Vista’s shareholders approved the transaction on December 19, 2025, and the parties now expect to close the mergers on January 7, 2026, subject to the satisfaction or waiver of remaining customary closing conditions described in their merger agreement dated September 15, 2025. The filing also includes extensive cautionary language about forward‑looking statements, highlighting operational, regulatory, integration, economic, technology, and credit risks that could cause actual outcomes to differ from current expectations.
T. Rowe Price Investment Management, Inc. filed an amended Schedule 13G/A disclosing beneficial ownership of 1,286,405 shares of National Bank Holdings (NBHC) common stock, representing 3.4% of the class as of 09/30/2025.

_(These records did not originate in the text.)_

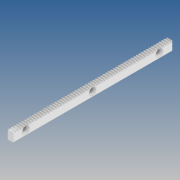
# Autodesk Inventor part: 3222_Motor Rack_V1
Saved by Autodesk Inventor 2020 (Build 240168000, 168)
## iProperties
Created: 2019-10-21
Part Number: 3222_Motor Rack_V1
Material: Acetal Resin, White
Document SubType Name: Modeling
Designer: RFLab
Density: 1.425 g/cm^3
Appearance: Smooth - White
Author: RFLab
Autodesk Inventor part; units mm, degrees
ref_plane "YZ Plane" through (0, 0, 0) normal (1, 0, 0) x (0, 1, 0)
ref_plane "XZ Plane" through (0, 0, 0) normal (0, 1, 0) x (-1, 0, 0)
ref_plane "XY Plane" through (0, 0, 0) normal (0, 0, 1) x (1, 0, 0)
sketch "Sketch1" plane through (0, 0, 0) normal (0, 0, 1) x (1, 0, 0)
  line L0 (-2, -3.5) -> (2, -3.5)
  line L1 (2, -3.5) -> (2, 3.5)
  line L2 (2, 3.5) -> (-2, 3.5)
  line L3 (-2, 3.5) -> (-2, -3.5)
  point P0 (0, 0)
  dimension "d0" = 4
  dimension "d1" = 7
  dimension "d2" = 3.5
  dimension "d3" = 2
  constraints: 8 end point, 2 parallel, 1 horizontal, 1 perpendicular
  measures "d0" distance of L0.start L0.end
  measures "d1" distance of L0.end L1.end
  measures "d2" distance from line of point (0, 0) L0
  measures "d3" distance from line of point (0, 0) L3
extrude "Extrusion1" add sketch "Sketch1" along normal blind 125
sketch "Sketch2" plane through (2, -3.5, 0) normal (1, 0, 0) x (0, 0, -1)
  line L0 (-125, 5) -> (0, 5) construction
  line L1 (0, 0) -> (0, 7) construction
  line L2 (0, 7) -> (-125, 7) construction
  line L3 (-125, 0) -> (-125, 7) construction
  line L4 (0, 0) -> (-125, 0) construction
  line L5 (0, 0) -> (0, 7) projected
  line L6 (0, 6) -> (-125, 6)
  line L7 (-125, 0) -> (-125, 7) projected
  line L8 (-0.864, 6) -> (-0.5, 7)
  line L9 (0, 7) -> (-125, 7) projected
  line L10 (-1.364, 6) -> (-1.7279, 7)
  point P0 (0, 3.5)
  dimension "d6" = 1
  dimension "d7" = 70
  dimension "d8" = 70
  dimension "d9" = 0.5
  dimension "d10" = 0.5
  constraints: 6 end point, 6 point on line, 1 horizontal
  measures "d6" distance between parallel lines of L2 L6
  measures "d7" angle of L6 L10
  measures "d8" angle of L6 L8
  measures "d9" distance of L10.start L8.start
  measures "d10" distance of L1.end L8.end
extrude "Extrusion2" cut sketch "Sketch2" against normal through all contours L6 L10 L9 L8
pattern_linear "Rectangular Pattern1" count 63 spacing 2 along (0, 0, 1) of "Extrusion2"
sketch "Sketch3" plane through (2, -3.5, 0) normal (1, 0, 0) x (0, 0, -1)
  line L0 (0, 3.5) -> (-125, 3.5)
  point P0 (-10, 3.5)
  point P1 (-115, 3.5)
  point P2 (-62.5, 3.5)
  dimension "d16" = 10
  dimension "d17" = 10
  constraints: 2 end point, 2 point on line, 1 horizontal, 1 midpoint
  measures "d16" distance of L0.start point (-10, 3.5)
  measures "d17" distance of L0.end point (-115, 3.5)
hole "Hole1" at (2, 0, 10) at (2, 0, 115) at (2, 0, 62.5) direction (-1, 0, 0) diameter 2.9 end through all countersink diameter 5.5 countersink angle 90 clearance for "Flat Head Machine Screw" size "M2.5" standard "Ansi Metric M Profile"
equation "\"d2\" = 0.5 * d1"
equation "\"d3\" = 0.5 * d0"
equation "\"d8\" = d7"
body "Solid1"

The filer reports sole voting power over 1,277,041 shares and sole dispositive power over 1,286,405 shares, with no shared voting or dispositive power. The filing indicates ownership of 5 percent or less of the class and includes a certification that the securities were acquired and are held in the ordinary course of business and not to change or influence control.
National Bank Holdings Corp. (NBHC) reported an insider transaction by a director. On 11/11/2025, the director sold 6,214 shares of Common Stock at a price of $37.14 per share, coded as S (sale) in a Form 4 filing.
Following the transaction, the director beneficially owned 35,663 shares, held directly. The filing shows only non-derivative activity; no derivative securities were reported.
NBHC: A stockholder filed a Form 144 notice to sell up to 6,214 shares of common stock. The filing lists an aggregate market value of 230,539, an approximate sale date of 11/11/2025, execution via Merrill Lynch, and trading on the NYSE.
The shares were acquired from the issuer “in lieu of services” in multiple grants—853 (10/31/2022), 1,248 (11/06/2023), 1,356 (04/30/2024), 1,794 (10/28/2024), and 963 (10/27/2025)—with cash noted as the nature of payment on each date.
Shares outstanding were 37,819,914. Form 144 is a notice of proposed sales by an affiliate or holder of restricted securities and does not itself execute a sale.